> [ABOUT THIS EXERCISE] Out of the data below, copy every line with the string "ezdxf".

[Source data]
· · ·

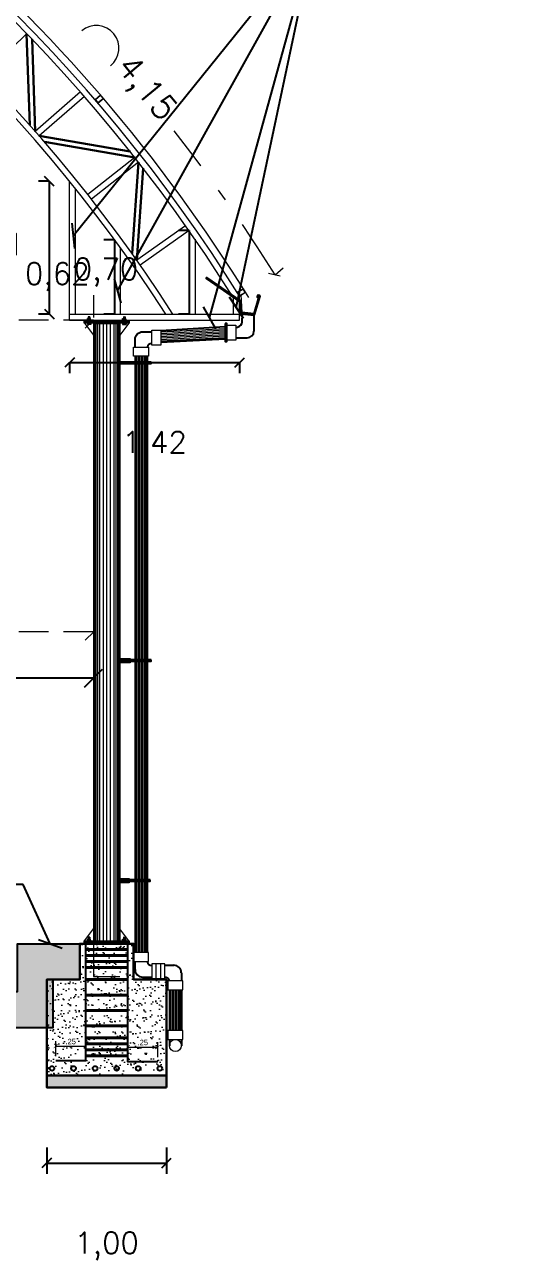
# Model space of a CAD drawing. Header units: metres. Extents: x 772934 to 773467, y 8442002 to 8442594.
# Drawn here: x 773151.75 to 773155.79, y 8442245.08 to 8442255.39 of the extents above; entities that cross this region are included whole.
import ezdxf

# ---------------------------------------------------------------- set-up
doc = ezdxf.new("R2010")
doc.units = ezdxf.units.M
doc.header["$PDMODE"] = 66
for name, pattern in [('ACAD_ISO02W100', [15, 12, -3]), ('DASHDOT', [1, 0.5, -0.25, 0, -0.25]), ('DASHED2', [0.375, 0.25, -0.125])]:
    doc.linetypes.add(name, pattern=pattern)
for name, color, linetype, lineweight in [('0.15', 56, 'Continuous', 15), ('ACHURADOS-01', 8, 'Continuous', 5), ('canaleta rejilla pluvial', 1, 'Continuous', 5), ('COTA-01', 255, 'Continuous', 5), ('COTAS-01', 1, 'Continuous', 9), ('ELEMENTOS', 2, 'Continuous', 5), ('MURO...', 112, 'Continuous', 30), ('N.P.T', 61, 'DASHDOT', 9), ('PLUMA0.00', 253, 'Continuous', 0), ('PLUMA09', 112, 'Continuous', 9), ('PLUMA15', 46, 'Continuous', 15), ('PLUMA40', 100, 'Continuous', 40), ('TUB LAC 40x60', 5, 'Continuous', 13), ('TUB LAC 50x70', 88, 'Continuous', 13)]:
    doc.layers.add(name, color=color, linetype=linetype, lineweight=lineweight)
for name, color, linetype in [('C-ROAD-PROF-PROJ', 92, 'Continuous'), ('FIERRO', 4, 'Continuous'), ('MUROS', 180, 'Continuous')]:
    doc.layers.add(name, color=color, linetype=linetype)
doc.layers.add('DE JUEGO', color=7, linetype='DASHED2', lineweight=15, plot=False)
doc.styles.get("Standard").update_dxf_attribs({"font": 'simplex.shx'})
doc.styles.add('Swiss Regular', font='swissel.ttf')
doc.dimstyles.new('1-1-25', dxfattribs={"dimtxt": 0.045, "dimasz": 0.035, "dimexe": 0.04, "dimexo": 0.04, "dimgap": 0.015, "dimtad": 2, "dimzin": 4, "dimdsep": 46, "dimtxsty": 'Swiss Regular', "dimblk": 'ARCHTICK', "dimcen": 0.04, "dimclrd": 256, "dimclre": 256, "dimclrt": 7, "dimadec": 0, "dimazin": 1, "dimtfac": 1, "dimtmove": 2, "dimatfit": 3, "dimfxl": 0.04, "dimlwd": -1, "dimlwe": -1, "dimarcsym": 0})
doc.dimstyles.new('ESC. 1.1000 sin linea', dxfattribs={"dimscale": 0.689, "dimtxt": 0.22, "dimasz": 0.2, "dimexe": 0.03, "dimexo": 0.3, "dimgap": 0.2055, "dimtad": 1, "dimtih": 1, "dimtoh": 1, "dimzin": 1, "dimdsep": 46, "dimtxsty": 'Standard', "dimblk": 'OBLIQUE', "dimcen": 1, "dimclrd": 3, "dimclre": 2, "dimclrt": 256, "dimazin": 0, "dimtfac": 1, "dimtmove": 2, "dimatfit": 2, "dimldrblk": 'OBLIQUE', "dimfxl": 0.15, "dimtfillclr": 1, "dimlwd": -1, "dimlwe": -1, "dimarcsym": 0})
doc.dimstyles.new('ISO-25', dxfattribs={"dimscale": 0, "dimtxt": 0.18, "dimasz": 0.08, "dimexe": 0.09, "dimexo": 0.5, "dimgap": 0.35, "dimtad": 0, "dimtih": 1, "dimtoh": 1, "dimzin": 3, "dimtxsty": 'Standard', "dimblk": 'OBLIQUE', "dimcen": -3, "dimclrd": 256, "dimclre": 256, "dimadec": 0, "dimazin": 0, "dimtfac": 1, "dimtmove": 2, "dimatfit": 2, "dimldrblk": 'OBLIQUE', "dimfxl": 1, "dimfxlon": 1, "dimtolj": 2, "dimarcsym": 0})
pattern_1 = [(37.5, (770052.27019, 8443074.6276), (-0.0030022397, 0.0918316933), [0, -0.072442626, 0, -0.081021358, 0, -0.0774468864]), (7.5, (770052.27019, 8443074.6276), (0.0843468895, 0.134502416), [0, -0.0390808904, 0, -0.0652936827, 0, -0.0250213018]), (327.5, (770052.21157, 8443074.6276), (0.1484188252, 0.0002697084), [0, -0.0238298112, 0, -0.0857873203, 0, -0.1120001126]), (317.5, (770052.21157, 8443074.6276), (0.143270859, 0.041829686), [0, -0.0119149056, 0, -0.0562383544, 0, -0.0643404902])]

# ---------------------------------------------------------------- blocks, each defined once
blk = doc.blocks.new('_Oblique')
at = {"color": 0, "linetype": 'ByBlock', "lineweight": -2}
blk.add_line((-0.5, -0.5), (0.5, 0.5), dxfattribs=at)
blk = doc.blocks.new('_ARCHTICK')
at = {"color": 0, "linetype": 'ByBlock', "const_width": 0.15}
blk.add_lwpolyline([(-0.5, -0.5), (0.5, 0.5)], dxfattribs=at)
blk = doc.blocks.new('*D126')
at = {"layer": 'COTA-01', "transparency": 16777216}
for p, q in [((773152.008, 8442246.785), (773152.008, 8442246.909)), ((773152.008, 8442246.869), (773152.258, 8442246.869)), ((773152.258, 8442246.785), (773152.258, 8442246.909))]:
    blk.add_line(p, q, dxfattribs=at)
at = {"layer": 'Defpoints', "color": 0, "transparency": 16777216}
for p in [(773152.258, 8442246.869), (773152.008, 8442246.745), (773152.258, 8442246.745)]:
    blk.add_point(p, dxfattribs=at)
at = {"layer": 'COTA-01', "transparency": 16777216, "xscale": 0.035, "yscale": 0.035, "zscale": 0.035, "rotation": 180}
blk.add_blockref('_ARCHTICK', (773152.008, 8442246.869), dxfattribs=at)
at = {"layer": 'COTA-01', "transparency": 16777216, "xscale": 0.035, "yscale": 0.035, "zscale": 0.035}
blk.add_blockref('_ARCHTICK', (773152.258, 8442246.869), dxfattribs=at)
at = {"layer": 'COTA-01', "color": 7, "transparency": 16777216, "insert": (773152.133, 8442246.907), "char_height": 0.045, "attachment_point": 5, "style": 'Swiss Regular'}
blk.add_mtext('.25', dxfattribs=at)
blk = doc.blocks.new('*D125')
at = {"layer": 'COTA-01', "transparency": 16777216}
for p, q in [((773152.61, 8442246.777), (773152.61, 8442246.901)), ((773152.61, 8442246.861), (773152.86, 8442246.861)), ((773152.86, 8442246.777), (773152.86, 8442246.901))]:
    blk.add_line(p, q, dxfattribs=at)
at = {"layer": 'Defpoints', "color": 0, "transparency": 16777216}
for p in [(773152.86, 8442246.861), (773152.61, 8442246.737), (773152.86, 8442246.737)]:
    blk.add_point(p, dxfattribs=at)
at = {"layer": 'COTA-01', "transparency": 16777216, "xscale": 0.035, "yscale": 0.035, "zscale": 0.035, "rotation": 180}
blk.add_blockref('_ARCHTICK', (773152.61, 8442246.861), dxfattribs=at)
at = {"layer": 'COTA-01', "transparency": 16777216, "xscale": 0.035, "yscale": 0.035, "zscale": 0.035}
blk.add_blockref('_ARCHTICK', (773152.86, 8442246.861), dxfattribs=at)
at = {"layer": 'COTA-01', "color": 7, "transparency": 16777216, "insert": (773152.735, 8442246.899), "char_height": 0.045, "attachment_point": 5, "style": 'Swiss Regular'}
blk.add_mtext('.25', dxfattribs=at)
blk = doc.blocks.new('*D140')
at = {"layer": 'DE JUEGO', "color": 2, "transparency": 16777216}
for p, q in [((773149.678, 8442253.136), (773149.678, 8442252.95)), ((773152.324, 8442253.136), (773152.324, 8442252.95))]:
    blk.add_line(p, q, dxfattribs=at)
at = {"layer": 'DE JUEGO', "color": 3, "transparency": 16777216}
blk.add_line((773152.324, 8442252.929), (773149.678, 8442252.929), dxfattribs=at)
at = {"layer": 'Defpoints', "color": 0, "transparency": 16777216}
for p in [(773149.678, 8442252.929), (773149.678, 8442252.929), (773152.324, 8442252.929)]:
    blk.add_point(p, dxfattribs=at)
at = {"layer": 'DE JUEGO', "color": 3, "transparency": 16777216, "xscale": 0.1378000000000003, "yscale": 0.1378000000000003, "zscale": 0.1378000000000003, "rotation": 180}
blk.add_blockref('_Oblique', (773149.678, 8442252.929), dxfattribs=at)
at = {"layer": 'DE JUEGO', "color": 3, "transparency": 16777216, "xscale": 0.1378000000000003, "yscale": 0.1378000000000003, "zscale": 0.1378000000000003}
blk.add_blockref('_Oblique', (773152.324, 8442252.929), dxfattribs=at)
at = {"layer": 'DE JUEGO', "transparency": 16777216, "insert": (773151.001, 8442253.147), "char_height": 0.1516, "attachment_point": 5}
blk.add_mtext('2.65', dxfattribs=at)
blk = doc.blocks.new('*D148')
at = {"layer": 'DE JUEGO', "color": 2, "transparency": 16777216}
for p, q in [((773132.033, 8442250.533), (773132.033, 8442250.347)), ((773152.324, 8442250.533), (773152.324, 8442250.347))]:
    blk.add_line(p, q, dxfattribs=at)
at = {"layer": 'DE JUEGO', "color": 3, "transparency": 16777216}
blk.add_line((773152.324, 8442250.326), (773132.033, 8442250.326), dxfattribs=at)
at = {"layer": 'Defpoints', "color": 0, "transparency": 16777216}
for p in [(773132.033, 8442250.326), (773132.033, 8442250.326), (773152.324, 8442250.326)]:
    blk.add_point(p, dxfattribs=at)
at = {"layer": 'DE JUEGO', "color": 3, "transparency": 16777216, "xscale": 0.1378000000000003, "yscale": 0.1378000000000003, "zscale": 0.1378000000000003, "rotation": 180}
blk.add_blockref('_Oblique', (773132.033, 8442250.326), dxfattribs=at)
at = {"layer": 'DE JUEGO', "color": 3, "transparency": 16777216, "xscale": 0.1378000000000003, "yscale": 0.1378000000000003, "zscale": 0.1378000000000003}
blk.add_blockref('_Oblique', (773152.324, 8442250.326), dxfattribs=at)
at = {"layer": 'DE JUEGO', "transparency": 16777216, "insert": (773142.178, 8442250.544), "char_height": 0.1516, "attachment_point": 5}
blk.add_mtext('20.29', dxfattribs=at)
blk = doc.blocks.new('*D174')
at = {"layer": 'C-ROAD-PROF-PROJ', "color": 173, "lineweight": -2, "ltscale": 0.05, "true_color": 0x4b5ece, "transparency": 16777216}
for p, q in [((773151.933, 8442246.024), (773151.933, 8442245.803)), ((773152.933, 8442246.024), (773152.933, 8442245.803))]:
    blk.add_line(p, q, dxfattribs=at)
at = {"layer": 'C-ROAD-PROF-PROJ', "color": 175, "lineweight": -2, "ltscale": 0.05, "true_color": 0x4d4db3, "transparency": 16777216}
blk.add_line((773151.933, 8442245.893), (773152.933, 8442245.893), dxfattribs=at)
at = {"layer": 'Defpoints', "color": 0, "ltscale": 0.05, "transparency": 16777216}
for p in [(773151.933, 8442246.524), (773152.933, 8442246.524), (773152.933, 8442245.893)]:
    blk.add_point(p, dxfattribs=at)
at = {"layer": 'C-ROAD-PROF-PROJ', "color": 175, "lineweight": -2, "ltscale": 0.05, "true_color": 0x4d4db3, "transparency": 16777216, "xscale": 0.08, "yscale": 0.08, "zscale": 0.08, "rotation": 180}
blk.add_blockref('_Oblique', (773151.933, 8442245.893), dxfattribs=at)
at = {"layer": 'C-ROAD-PROF-PROJ', "color": 175, "lineweight": -2, "ltscale": 0.05, "true_color": 0x4d4db3, "transparency": 16777216, "xscale": 0.08, "yscale": 0.08, "zscale": 0.08}
blk.add_blockref('_Oblique', (773152.933, 8442245.893), dxfattribs=at)
at = {"layer": 'C-ROAD-PROF-PROJ', "color": 0, "ltscale": 0.05, "transparency": 16777216, "insert": (773152.433, 8442245.2), "char_height": 0.18, "attachment_point": 5}
blk.add_mtext('\\A2;1,00', dxfattribs=at)
blk = doc.blocks.new('*D203')
at = {"layer": 'C-ROAD-PROF-PROJ', "color": 173, "lineweight": -2, "ltscale": 0.05, "true_color": 0x4b5ece, "transparency": 16777216}
for p, q in [((773151.954, 8442254.087), (773151.864, 8442254.087)), ((773151.954, 8442252.979), (773151.864, 8442252.979))]:
    blk.add_line(p, q, dxfattribs=at)
at = {"layer": 'C-ROAD-PROF-PROJ', "color": 175, "lineweight": -2, "ltscale": 0.05, "true_color": 0x4d4db3, "transparency": 16777216}
blk.add_line((773151.954, 8442254.087), (773151.954, 8442252.979), dxfattribs=at)
at = {"layer": 'Defpoints', "color": 0, "ltscale": 0.05, "transparency": 16777216}
for p in [(773152.124, 8442254.087), (773151.954, 8442252.979), (773152.124, 8442252.979)]:
    blk.add_point(p, dxfattribs=at)
at = {"layer": 'C-ROAD-PROF-PROJ', "color": 175, "lineweight": -2, "ltscale": 0.05, "true_color": 0x4d4db3, "transparency": 16777216, "xscale": 0.08, "yscale": 0.08, "zscale": 0.08}
for p, rotation in [((773151.954, 8442254.087), 90), ((773151.954, 8442252.979), 270)]:
    blk.add_blockref('_Oblique', p, dxfattribs=dict(at, rotation=rotation))
at = {"layer": 'C-ROAD-PROF-PROJ', "color": 0, "ltscale": 0.05, "transparency": 16777216, "insert": (773151.475, 8442253.533), "char_height": 0.18, "attachment_point": 5}
blk.add_mtext('\\A2;1,11', dxfattribs=at)
blk = doc.blocks.new('*D204')
at = {"layer": 'C-ROAD-PROF-PROJ', "color": 173, "lineweight": -2, "ltscale": 0.05, "true_color": 0x4b5ece, "transparency": 16777216}
for p, q in [((773152.124, 8442252.575), (773152.124, 8442252.485)), ((773153.543, 8442252.575), (773153.543, 8442252.485))]:
    blk.add_line(p, q, dxfattribs=at)
at = {"layer": 'C-ROAD-PROF-PROJ', "color": 175, "lineweight": -2, "ltscale": 0.05, "true_color": 0x4d4db3, "transparency": 16777216}
blk.add_line((773152.124, 8442252.575), (773153.543, 8442252.575), dxfattribs=at)
at = {"layer": 'Defpoints', "color": 0, "ltscale": 0.05, "transparency": 16777216}
for p in [(773152.124, 8442252.929), (773153.543, 8442252.929), (773153.543, 8442252.575)]:
    blk.add_point(p, dxfattribs=at)
at = {"layer": 'C-ROAD-PROF-PROJ', "color": 175, "lineweight": -2, "ltscale": 0.05, "true_color": 0x4d4db3, "transparency": 16777216, "xscale": 0.08, "yscale": 0.08, "zscale": 0.08, "rotation": 180}
blk.add_blockref('_Oblique', (773152.124, 8442252.575), dxfattribs=at)
at = {"layer": 'C-ROAD-PROF-PROJ', "color": 175, "lineweight": -2, "ltscale": 0.05, "true_color": 0x4d4db3, "transparency": 16777216, "xscale": 0.08, "yscale": 0.08, "zscale": 0.08}
blk.add_blockref('_Oblique', (773153.543, 8442252.575), dxfattribs=at)
at = {"layer": 'C-ROAD-PROF-PROJ', "color": 0, "ltscale": 0.05, "transparency": 16777216, "insert": (773152.833, 8442251.882), "char_height": 0.18, "attachment_point": 5}
blk.add_mtext('\\A2;1,42', dxfattribs=at)
blk = doc.blocks.new('*D205')
at = {"layer": 'C-ROAD-PROF-PROJ', "color": 173, "lineweight": -2, "ltscale": 0.05, "true_color": 0x4b5ece, "transparency": 16777216}
for p, q in [((773152.5, 8442253.598), (773152.41, 8442253.598)), ((773152.5, 8442252.979), (773152.41, 8442252.979))]:
    blk.add_line(p, q, dxfattribs=at)
at = {"layer": 'C-ROAD-PROF-PROJ', "color": 175, "lineweight": -2, "ltscale": 0.05, "true_color": 0x4d4db3, "transparency": 16777216}
blk.add_line((773152.5, 8442253.598), (773152.5, 8442252.979), dxfattribs=at)
at = {"layer": 'Defpoints', "color": 0, "ltscale": 0.05, "transparency": 16777216}
for p in [(773152.5, 8442253.598), (773152.5, 8442252.979), (773152.5, 8442252.979)]:
    blk.add_point(p, dxfattribs=at)
at = {"layer": 'C-ROAD-PROF-PROJ', "color": 0, "ltscale": 0.05, "transparency": 16777216, "insert": (773152.021, 8442253.289), "char_height": 0.18, "attachment_point": 5}
blk.add_mtext('\\A2;0,62', dxfattribs=at)
blk = doc.blocks.new('*D206')
at = {"layer": 'C-ROAD-PROF-PROJ', "color": 173, "lineweight": -2, "ltscale": 0.05, "true_color": 0x4b5ece, "transparency": 16777216}
for p, q in [((773153.122, 8442253.675), (773153.032, 8442253.675)), ((773153.122, 8442252.979), (773153.032, 8442252.979))]:
    blk.add_line(p, q, dxfattribs=at)
at = {"layer": 'C-ROAD-PROF-PROJ', "color": 175, "lineweight": -2, "ltscale": 0.05, "true_color": 0x4d4db3, "transparency": 16777216}
blk.add_line((773153.122, 8442253.675), (773153.122, 8442252.979), dxfattribs=at)
at = {"layer": 'Defpoints', "color": 0, "ltscale": 0.05, "transparency": 16777216}
for p in [(773153.122, 8442253.675), (773153.122, 8442252.979), (773153.122, 8442252.979)]:
    blk.add_point(p, dxfattribs=at)
at = {"layer": 'C-ROAD-PROF-PROJ', "color": 0, "ltscale": 0.05, "transparency": 16777216, "insert": (773152.428, 8442253.327), "char_height": 0.18, "attachment_point": 5}
blk.add_mtext('\\A2;0,70', dxfattribs=at)

msp = doc.modelspace()

# ---------------------------------------------------------------- hatches: boundary and pattern name
at = {"layer": '0.15'}
h = msp.add_hatch(dxfattribs=at)
h.set_pattern_fill('GRAVEL', scale=0.005)
h.set_pattern_definition([(228.0127875, (200.93346, 72.452232), (-1.01600000007979, -1.142999999929089), [0.017086072, -1.6915241819783]), (184.969741, (200.9220303, 72.439532), (1.523999999397025, 0.1270000072348962), [0.029320236, -2.9027024446762]), (132.5104471, (200.89282, 72.436992), (1.270000000536375, -1.396999999512298), [0.020674076, -2.046736139705]), (267.273689, (200.84329, 72.405242), (0.1270000002659863, 2.539999999986656), [0.026700226, -2.6433218712869]), (292.83365418, (200.84202, 72.378572), (-0.6350000000531705, 1.523999999977773), [0.026181685, -2.5919903872672]), (357.273689, (200.85218, 72.354442), (-2.539999999986656, 0.1270000002659864), [0.026700226, -2.6433218712869]), (37.69424047, (200.8788503, 72.353172), (-1.650999999926795, -1.270000000095021), [0.035309683, -3.4956557657124]), (72.25532837, (200.9067903, 72.374762), (0.8890000002389645, 2.793999999923943), [0.033335976, -3.3002628300952]), (121.42956562, (200.91695, 72.406512), (-1.016000000144156, 1.650999999911301), [0.02679065, -2.6522772849356]), (175.2363583, (200.90298, 72.429372), (1.396999999979976, -0.127000000219463), [0.030585664, -1.4986968475]), (222.3974378, (200.8725003, 72.4319118), (-1.523999999951233, -1.3970000000532), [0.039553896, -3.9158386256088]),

· · ·

> [RESULT]
import ezdxf
doc = ezdxf.new("R2010")
doc.units = ezdxf.units.M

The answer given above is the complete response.